Valuation of Compensation for Healthcare Services: Physician On-Call Services
(Part Three of a Four-Part Series)

As discussed in Part One of this series, healthcare services may be divided into two general categories, i.e., clinical related and nonclinical related, with these categories further defined by the specific tasks, duties, responsibilities, and accountabilities (TDRAs) involved in each.1 Due to the many permutations and combinations of TDRAs that may be present in various healthcare service roles, careful analysis is warranted to ensure that the subject services (i.e., those services under consideration in the valuation engagement) are classified into an appropriate category for benchmarking and other valuation related purposes.2

One subcategory of healthcare services that mandates careful consideration by the valuation analyst is physician on-call services, which denotes the requirement that a physician be responsible for providing professional clinical services to patients who may need care during a time other than typical physician practice office hours (e.g., on evenings, weekends, and holidays) at various sites of services, including hospital emergency departments, trauma centers, and birthing centers.3 This third installment in the four-part Health Capital Topics series on the classification and valuation of physician compensation for healthcare services will focus on physician on-call services in the healthcare industry.

Similar to the valuation of compensation arrangements for other physician clinical services (discussed in Part One of this series), the economic value analysis for determining Fair Market Value (FMV) for physician on-call services should be focused on the economic benefits reasonably expected to be derived from the use or utility of the services in the future, bounded by the cost of an equally desirable substitute, or one of equal utility, for each of the elements of economic benefit (or utility) to be derived from the right to control the services to be performed.4

As set forth in two Advisory Opinions by the Office of the Inspector General of  Health and Human Services (May 2009 and March 2013), compensation for physician on-call services should be based on services actually rendered.5 Further, reliance on the physician’s “lost opportunity cost” as the sole basis for determining physician on-call services compensation may not be considered an efficacious methodology for determining whether a compensation arrangement meets the regulatory thresholds of FMV and commercial reasonableness.6

In developing the valuation analysis related to physician on-call services, the valuation analyst will need to obtain the requisite documents related to the proposed compensation arrangement(s), including:7

  1. The proposed agreement(s) for on-call services (including a detailed description of all TDRAs related to the services to be performed);
  2. The time requirements, e.g., the number of hours or number of shifts per week anticipated under the proposed arrangement;
  3. The number of times the current (specialty specific) on-call physician was (a) paged and (b) required to be present at the hospital for the last two years;
  4. The curriculum vitae for each physician performing the on-call services;
  5. Documentation as to the board certification, qualifications, and tenure of those providers performing on-call services under similar agreements;
  6. The medical staff bylaws and roster;
  7. Agreements for other similar positions at the employer entity, including the scope of services to be performed under each of those agreements;
  8. Documentation as to the size of the employer, number of patients, acuity levels of patients, and specific needs related to the organization; and,
  9. Documentation of historical clinical productivity, measured in work Relative Value Units (wRVUs), gross charges, net revenue, or count by Current Procedural Terminology (CPT) code for an applicable time period (typically the last two years or more, depending on the facts and circumstances) to establish a relevant trend for forecasting purposes.

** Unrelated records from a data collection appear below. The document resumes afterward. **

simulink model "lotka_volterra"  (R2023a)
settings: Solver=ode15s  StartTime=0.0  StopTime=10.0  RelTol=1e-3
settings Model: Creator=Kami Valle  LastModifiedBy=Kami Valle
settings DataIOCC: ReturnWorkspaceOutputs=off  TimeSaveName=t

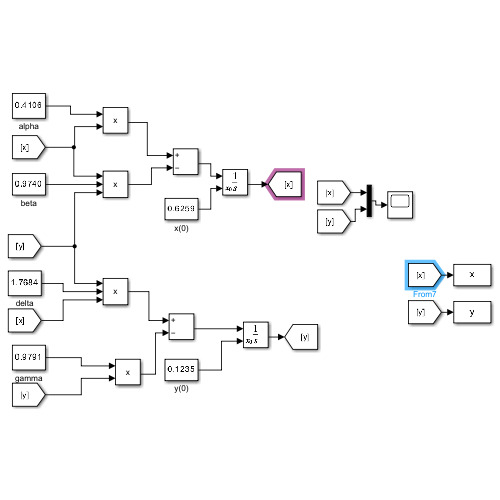
[thumbnail: Simulink's stored preview of the top-level diagram]
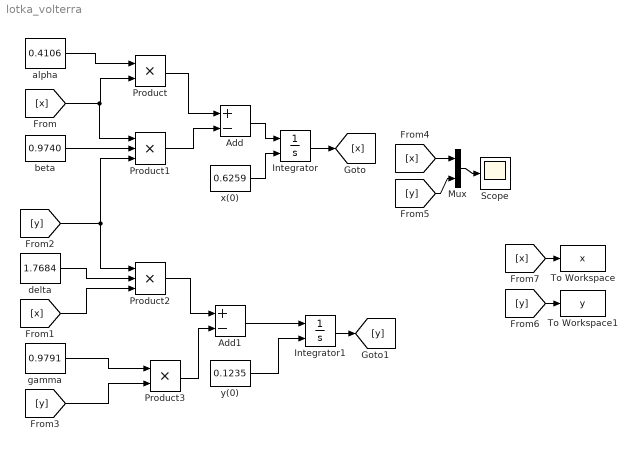
== system lotka_volterra ==
  Add : Sum  Inputs=+-
  Add1 : Sum  Inputs=+-
  Integrator : Integrator  InitialConditionSource=external
  Integrator1 : Integrator  InitialConditionSource=external
  Mux : Mux  Inputs=2
  Product : Product
  Product1 : Product  Inputs=3
  Product2 : Product  Inputs=3
  Product3 : Product
  Scope : Scope
  To Workspace : ToWorkspace  VariableName=x  SampleTime=-1
  To Workspace1 : ToWorkspace  VariableName=y  SampleTime=-1
  alpha : Constant  Value=0.4106
  beta : Constant  Value=0.9740
  delta : Constant  Value=1.7684
  gamma : Constant  Value=0.9791
  x(0) : Constant  Value=0.6259
  y(0) : Constant  Value=0.1235
  wires:
  alpha/1 -> Product/1
  Product/1 -> Add/1
  Product1/1 -> Add/2
  beta/1 -> Product1/2
  gamma/1 -> Product3/1
  Add/1 -> Integrator/1
  x(0)/1 -> Integrator/2
  Integrator/1 -> [x]
  [x] -> Product1/1, Product/2
  [x] -> Product2/3
  delta/1 -> Product2/2
  [y] -> Product3/2
  [y] -> Product1/3, Product2/1
  Product2/1 -> Add1/1
  Product3/1 -> Add1/2
  Add1/1 -> Integrator1/1
  y(0)/1 -> Integrator1/2
  Integrator1/1 -> [y]
  Mux/1 -> Scope/1
  [x] -> Mux/1
  [y] -> Mux/2
  [y] -> To Workspace1/1
  [x] -> To Workspace/1

The valuation analyst utilizes this data to identify and classify the types and number of tasks and duties, along with the level of responsibility and accountability held by the provider, associated with the subject arrangement for physician on-call services.

Similar to clinical-related services, once the TDRAs for the physician on-call services to be provided are established, the proposed compensation arrangement should be compared to applicable, external benchmarking survey sources reflecting similar TDRAs in order to assess whether the compensation arrangement meets the regulatory thresholds of FMV and commercial reasonableness. This “benchmarking analysis” for physician on-call services should include the following steps to ensure that the most relevant external benchmarking data is used for comparison purposes:8

  1. Determine the specific characteristics of the arrangement, including:
    1. Specialty/subspecialty of the provider;
    2. Applicable job training and education level of the provider, relevant to the position;
    3. Number of years of experience and reputation of the provider;
    4. Site of service (e.g., hospital emergency departments, trauma centers, and birthing centers); and,
    5. Geographic location where the subject services are to be provided;
  2. Establish the homogenous units of economic contribution to be used as the metric(s) of comparability. Typically, compensation arrangements for physician on-call services are based on time metrics (e.g., annual, monthly, hourly); and,
  3. Develop the range of applicable, normative benchmark industry data, which should include measures within the range (e.g., 10th percentile, 25th percentile, 75th percentile, 90th percentile), as well as measures of central tendency (e.g., mean, median) and measures of dispersion (e.g., standard deviation). The range of normative benchmark industry data is typically compiled by taking a weighted average of the selected benchmark data from external sources that report the specified metric(s) of comparability. The percentage of consideration assigned to each data source, used to compile the range of normative benchmark industry data, should include contemplation of the following statistical and descriptive survey characteristics: 9
    1. Size of the data population sample included in the external benchmark survey;10
    2. Dispersion of the data – it should be noted that a useful metric for comparing the relative dispersion between data sets for the purposes of determining an applicable weight of consideration in calculating a range of applicable, normative benchmark industry data is the coefficient of variation (for information regarding this statistical  technique, please reference the September 2016 Health Capital Topics article entitled “Statistical Methods – Co-Efficient of Variation”);
    3. Geographic proximity in relation to the area in which the subject services will be provided; and,
    4. Other areas of comparability between the external benchmark survey source and the subject services (e.g., whether the external benchmark survey source includes elements of compensation not present in the subject physician on-call services, the date the external benchmark survey was compiled).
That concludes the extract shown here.